The growing use of social networking sites and mobile phones is unstoppable – and both bring huge benefits – as well as dangers to children and young people. Social life now depends on them in a way that would have been inconceivable even 10 years ago. The NSPCC report, for example suggest that many 11 and 12 year olds enrol on social networking sites as part of their transition to secondary school and as a way of making connections in a much bigger and more challenging world.

The Pace report says that the average at which children receive a mobile phone is 11, and that 84% of 12 year olds have one. But it notes that professionals are, in general, more worried about the dangers of mobile phone use that are parents.

The report also suggests that levels of understanding of child sexual exploitation, more generally, are not so high among teachers, and parents feel even less knowledgeable. Even so, parents were much more likely to have talked to children about the risks posed by strangers and the internet, than to have discussed, those posed by mobile phones.

And, when it comes to doing something concrete to monitor and control mobile phone use, some of the suggested steps to increase protection show just what difficult territory this is, with 56% of parents thinking that monitoring of children’s texts (9-14 year-olds) was intrusive.
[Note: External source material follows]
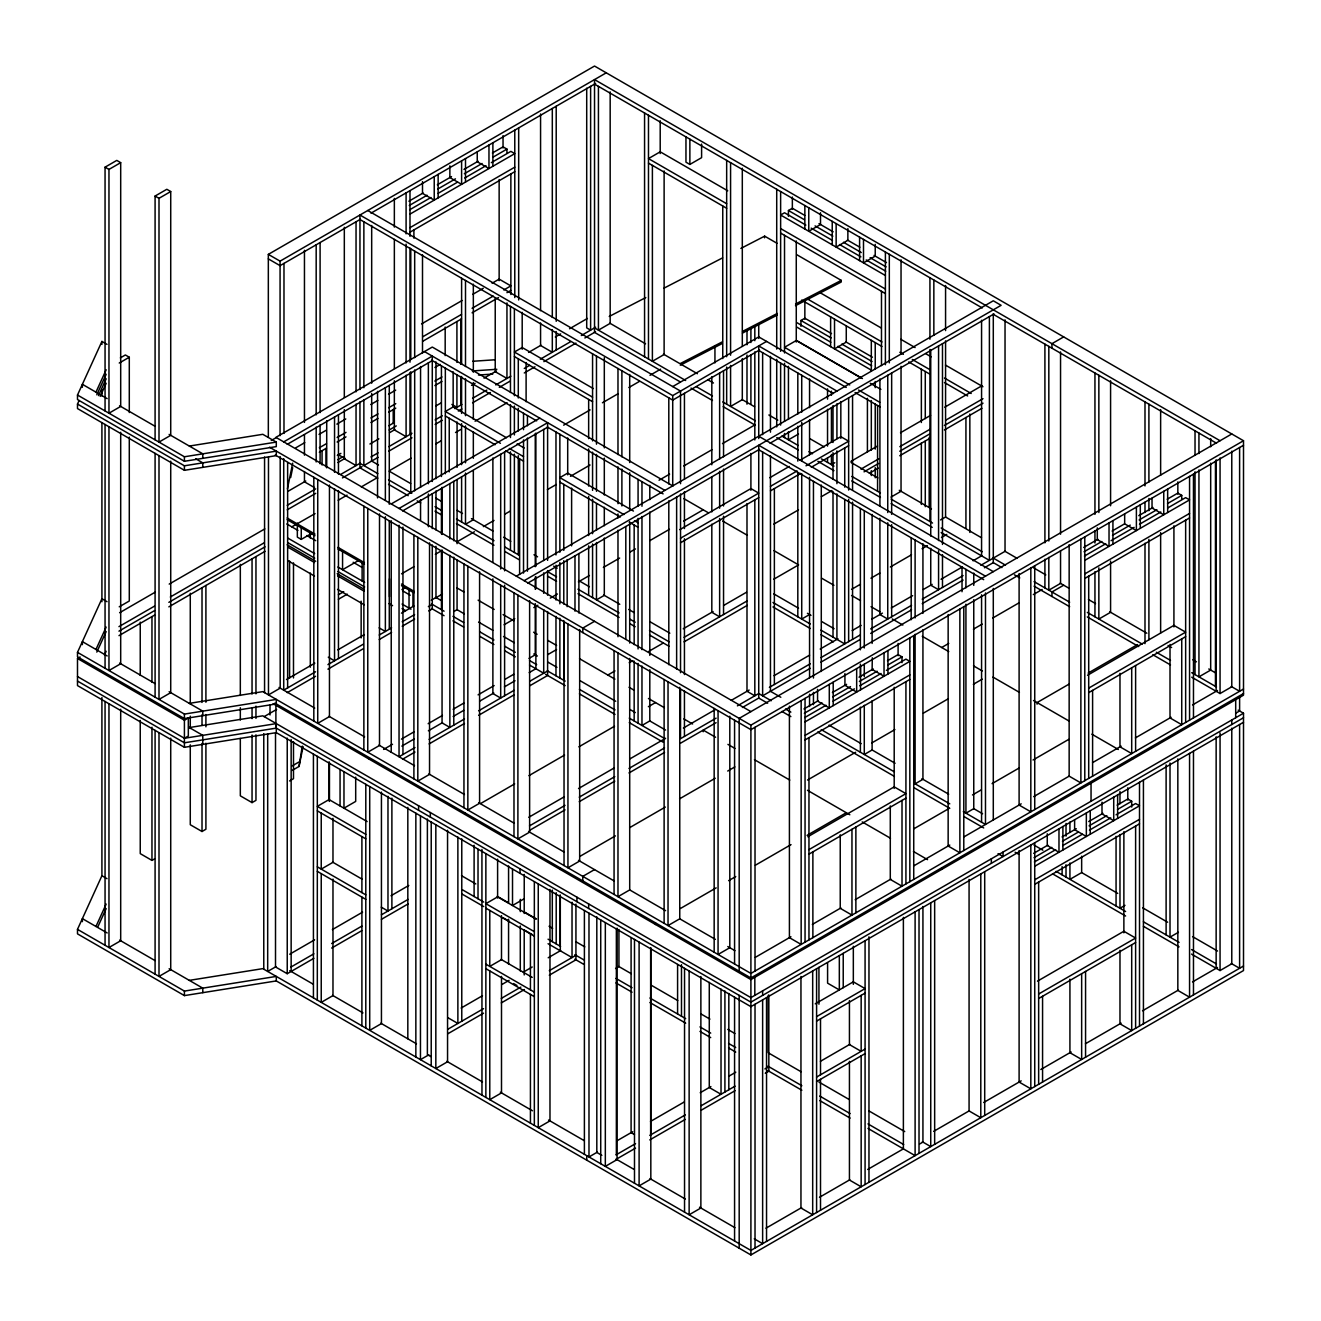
<?xml version="1.0" encoding="UTF-8"?>
<svg xmlns="http://www.w3.org/2000/svg" width="1321" height="1321" viewBox="0 0 1321 1321"><rect width="100%" height="100%" fill="white"/><g stroke="black" fill="none" stroke-linecap="round" stroke-linejoin="round"><path stroke-width="1.5" d="M764.562 237.813L764.644 236.145L777.111 243.345M796.712 254.656L841.262 280.382L841.196 282.05L795.49 305.663M287.4 488.919L292.684 463.143M290.653 477.575L292.684 467.667M292.139 770.44L299.025 766.461L302.278 746.101M299.025 766.461L303.087 746.646M189.316 446.052L262.813 434.312L276.287 442.089L276.287 446.614L184.412 461.277L77.493 399.553L77.493 395.029L101.915 341.429L107.018 344.368M77.493 404.061L184.412 465.801L276.287 451.122L276.287 455.629L184.412 470.309L77.493 408.569L77.493 404.061L79.111 400.494M95.954 392.155L106.159 369.781M96.796 394.797L106.159 374.289M98.497 395.59L106.159 378.797M100.198 396.366L106.159 383.321M77.493 652.359L184.412 714.083L276.287 699.42L276.287 703.928L184.412 718.591L77.493 656.867L77.493 652.359L101.915 598.743L107.018 601.682M95.954 649.47L106.159 627.095M96.796 652.112L106.159 631.603M104.458 655.018L106.159 651.286M77.493 929.357L184.412 991.08L276.287 976.417L276.287 980.925L184.412 995.605L77.493 933.864L77.493 929.357L101.915 875.74L101.915 697.521M95.954 926.467L106.159 904.092M97.655 927.259L106.159 908.617M105.053 410.947L105.053 167.173L116.776 160.402L120.69 162.648L120.69 406.422L108.966 413.209L108.966 169.418L120.69 162.648M155.085 439.843L155.085 196.053L166.826 189.283L170.723 191.545L170.723 435.319L158.999 442.089L158.999 198.315L170.723 191.545M268.328 437.119L268.328 254.375L594.533 66.05L1243.507 440.735L1243.507 695.176L750.906 979.571L273.084 703.697M268.328 254.375L280.069 261.145L606.256 72.82M120.36 357.875L125.379 354.969L129.293 357.231L129.293 412.532M360.27 219.352L280.069 265.653L268.328 258.883M370.97 213.176L595.639 83.471M119.237 363.027L129.293 357.231M408.916 201.205L423.133 192.998M437.334 184.791L451.534 176.585M463.968 169.418L478.185 161.212M492.386 153.005L503.037 146.862L506.95 149.108L506.95 152.988M409.279 205.498L427.046 195.244M437.697 189.101L455.448 178.847M464.332 173.728L482.082 163.474M492.75 157.315L506.95 149.108M409.642 209.808L430.943 197.506M438.044 193.411L457.578 182.133M464.695 178.021L485.996 165.719M491.329 162.648L510.864 151.37L514.777 153.632L409.989 214.118M409.989 227.658L514.777 167.173M409.989 232.182L514.777 171.68M685.962 136.905L685.962 162.186L689.876 164.431L701.6 157.661L701.6 144.055M421.564 323.909L462.119 300.494M472.687 294.401L483.271 288.292M492.089 283.206L499.14 279.127L510.864 285.897L503.813 289.976M422.72 336.789L461.508 314.398M472.076 308.288L493.228 296.086M422.72 341.297L461.508 318.906M472.076 312.813L498.529 297.539M506.95 292.668L510.864 290.422M271.267 440.487L276.287 437.581M283.718 441.875L432.281 356.092L432.281 481.471M287.251 444.335L432.281 360.616M295.838 447.786L304.755 442.634M319.022 434.394L326.155 430.283M336.855 424.107L345.772 418.955M370.722 404.54L377.856 400.428M388.556 394.252L395.689 390.141M434.923 367.486L440.273 364.398M319.335 447.753L326.452 443.658M337.119 437.499L346.003 432.363M370.887 417.997L377.988 413.902M388.655 407.743L395.772 403.632M434.873 381.059L441.974 376.947M319.335 452.277L326.452 448.166M337.119 442.007L346.003 436.871M370.887 422.505L377.988 418.41M388.655 412.251L395.772 408.139M434.873 385.567L441.974 381.472M337.317 455.431L340.868 453.384M388.82 425.709L394.153 422.621M337.681 459.741L343.014 456.67M389.183 430.002L396.283 425.907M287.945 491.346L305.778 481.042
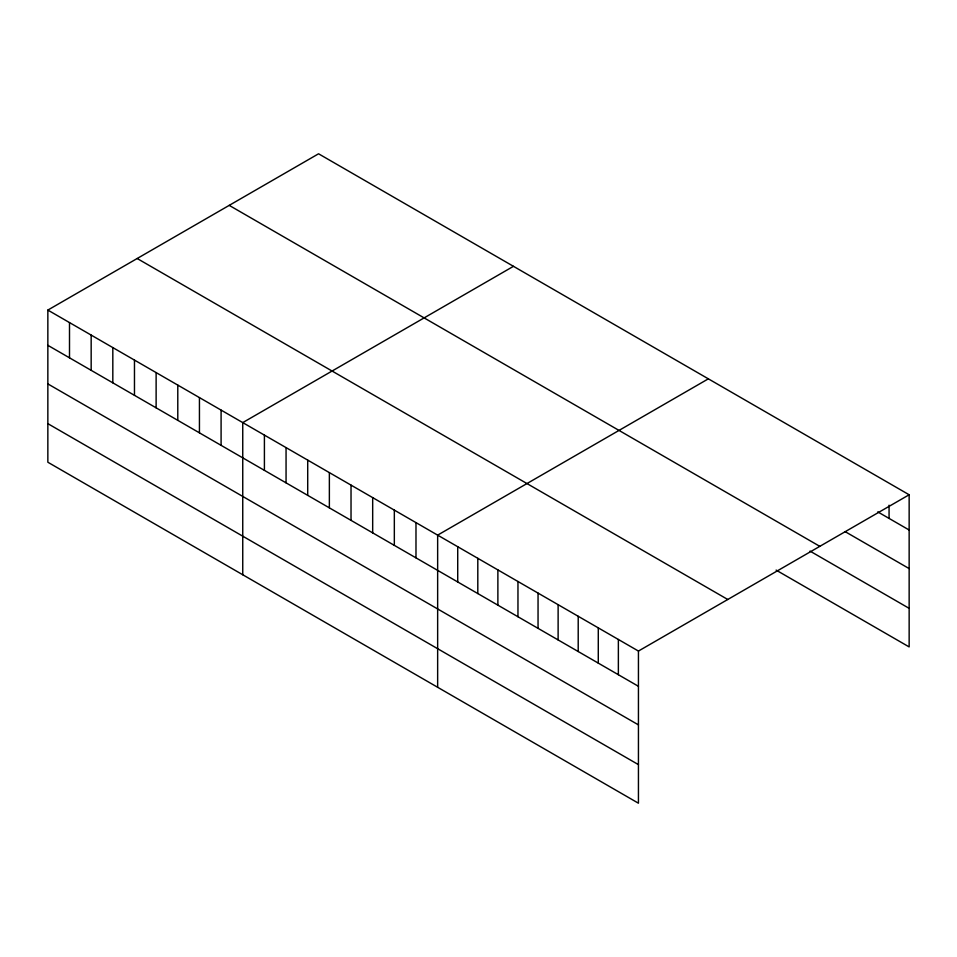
<?xml version="1.0" encoding="UTF-8"?>
<svg xmlns="http://www.w3.org/2000/svg" width="957" height="957" viewBox="0 0 957 957"><rect width="100%" height="100%" fill="white"/><g stroke="black" fill="none" stroke-linecap="round" stroke-linejoin="round"><path stroke-width="1.44" d="M47.85 310.08L638.439 651.059L638.439 803.21L47.85 462.231L47.85 310.08L318.561 153.79L909.15 494.769L909.15 646.92L776.115 570.109M513.454 266.321L242.743 422.611L242.743 574.75M708.347 378.84L437.648 535.13L437.648 687.27M638.439 651.059L909.15 494.769M877.772 511.887L909.15 530.011M845.139 531.637L909.15 568.59M229.225 205.372L819.814 546.351M810.005 551.088L909.15 608.341M137.186 258.51L727.775 599.489M47.85 345.321L638.439 686.301M47.85 383.901L638.439 724.88M47.85 423.652L638.439 764.631M889.065 505.2L889.065 518.419M618.366 639.467L618.366 674.709M598.281 627.876L598.281 663.105M578.207 616.284L578.207 651.514M558.122 604.692L558.122 639.922M538.049 593.101L538.049 628.33M517.964 581.497L517.964 616.739M497.879 569.905L497.879 605.147M477.806 558.314L477.806 593.555M457.721 546.722L457.721 581.964M415.984 522.63L415.984 557.859M394.332 510.129L394.332 545.358M372.68 497.616L372.68 532.858M351.028 485.115L351.028 520.357M329.364 472.614L329.364 507.856M307.711 460.114L307.711 495.355M286.059 447.613L286.059 482.842M264.407 435.112L264.407 470.342M221.091 410.11L221.091 445.34M199.439 397.598L199.439 432.839M177.787 385.097L177.787 420.338M156.123 372.596L156.123 407.838M134.47 360.095L134.47 395.337M112.818 347.594L112.818 382.824M91.166 335.094L91.166 370.323M69.502 322.593L69.502 357.822"/></g></svg>

I have one further thought to offer on the speed and complexity of the changes we are seeing, and on the need for really widespread debate about the way forward. Social networking sites and mobile phones are now part of the people’s real emotional worlds. We need to recognise that, and since that is the case, we need to think more widely about the children who may suffer, rather than gain from, that part of their life.

And we need to ask ourselves, to what extent, is it that group of children who are at most significant risk of serious abuse? In other words, we may need to more clearly redefine our concepts of increased vulnerability to include the experiences of children in the virtual (increasingly real) world: if I am made unhappy in that world (whatever my wider experiences), am I more likely to expose myself to the risk of real abuse?